**Task directions:** Examine each line of the data. Copy those that contain the string "unit".

**Given records:**
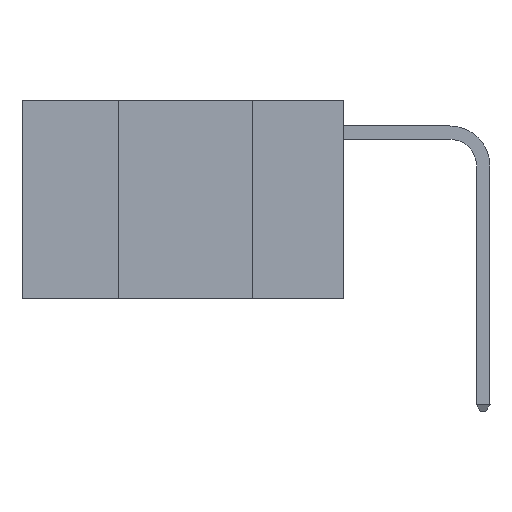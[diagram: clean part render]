
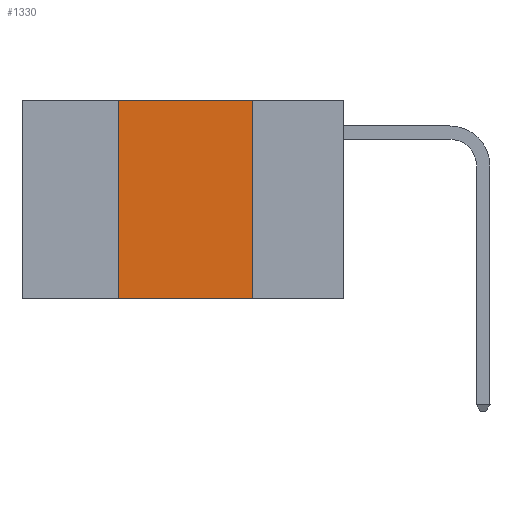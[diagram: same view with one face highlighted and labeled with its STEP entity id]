
A CAD part, left-side view. The second image highlights one B-rep face of the part: STEP entity #1330.
In plain terms, the highlighted planar face has unit normal (-1, 0, 0).
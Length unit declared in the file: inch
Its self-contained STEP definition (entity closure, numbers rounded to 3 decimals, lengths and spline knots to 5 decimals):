
#258 = CARTESIAN_POINT ( 'NONE',  ( 0., 0.42, 0. ) ) ;
#387 = CARTESIAN_POINT ( 'NONE',  ( 0., 0.17, 0. ) ) ;
#885 = CARTESIAN_POINT ( 'NONE',  ( 0., 0.6, -0.37 ) ) ;
#1035 = EDGE_CURVE ( 'NONE', #9845, #6984, #12858, .T. ) ;
#1330 = ADVANCED_FACE ( 'NONE', ( #12439 ), #10097, .F. ) ;
#1386 = LINE ( 'NONE', #12674, #8601 ) ;
#1851 = VECTOR ( 'NONE', #5272, 39.37008 ) ;
#2554 = CARTESIAN_POINT ( 'NONE',  ( 0., 0.6, 0. ) ) ;
#3060 = CARTESIAN_POINT ( 'NONE',  ( 0., 0.42, 0. ) ) ;
#3945 = ORIENTED_EDGE ( 'NONE', *, *, #4241, .F. ) ;
#4241 = EDGE_CURVE ( 'NONE', #6984, #14262, #1386, .T. ) ;
#5213 = LINE ( 'NONE', #3060, #1851 ) ;
#5272 = DIRECTION ( 'NONE',  ( 0., 0., 1. ) ) ;
#5392 = DIRECTION ( 'NONE',  ( 0., -1., 0. ) ) ;
#5731 = DIRECTION ( 'NONE',  ( 0., 0., -1. ) ) ;
#6909 = DIRECTION ( 'NONE',  ( 1., 0., 0. ) ) ;
#6945 = ORIENTED_EDGE ( 'NONE', *, *, #1035, .F. ) ;
#6984 = VERTEX_POINT ( 'NONE', #387 ) ;
#7108 = DIRECTION ( 'NONE',  ( 0., -1., 0. ) ) ;
#7203 = EDGE_CURVE ( 'NONE', #10665, #14262, #11008, .T. ) ;
#8490 = VECTOR ( 'NONE', #5392, 39.37008 ) ;
#8601 = VECTOR ( 'NONE', #5731, 39.37008 ) ;
#9339 = ORIENTED_EDGE ( 'NONE', *, *, #14212, .F. ) ;
#9543 = AXIS2_PLACEMENT_3D ( 'NONE', #10236, #6909, #11424 ) ;
#9845 = VERTEX_POINT ( 'NONE', #258 ) ;
#10097 = PLANE ( 'NONE',  #9543 ) ;
#10225 = VECTOR ( 'NONE', #7108, 39.37008 ) ;
#10236 = CARTESIAN_POINT ( 'NONE',  ( 0., 0.6, 0. ) ) ;
#10665 = VERTEX_POINT ( 'NONE', #12746 ) ;
#11008 = LINE ( 'NONE', #885, #8490 ) ;
#11424 = DIRECTION ( 'NONE',  ( 0., 0., -1. ) ) ;
#12439 = FACE_OUTER_BOUND ( 'NONE', #14447, .T. ) ;
#12643 = ORIENTED_EDGE ( 'NONE', *, *, #7203, .T. ) ;
#12674 = CARTESIAN_POINT ( 'NONE',  ( 0., 0.17, 0. ) ) ;
#12746 = CARTESIAN_POINT ( 'NONE',  ( 0., 0.42, -0.37 ) ) ;
#12858 = LINE ( 'NONE', #2554, #10225 ) ;
#14212 = EDGE_CURVE ( 'NONE', #10665, #9845, #5213, .T. ) ;
#14262 = VERTEX_POINT ( 'NONE', #14331 ) ;
#14331 = CARTESIAN_POINT ( 'NONE',  ( 0., 0.17, -0.37 ) ) ;
#14447 = EDGE_LOOP ( 'NONE', ( #3945, #6945, #9339, #12643 ) ) ;

**Worked solution:**
In plain terms, the highlighted planar face has unit normal (-1, 0, 0).
Length unit declared in the file: inch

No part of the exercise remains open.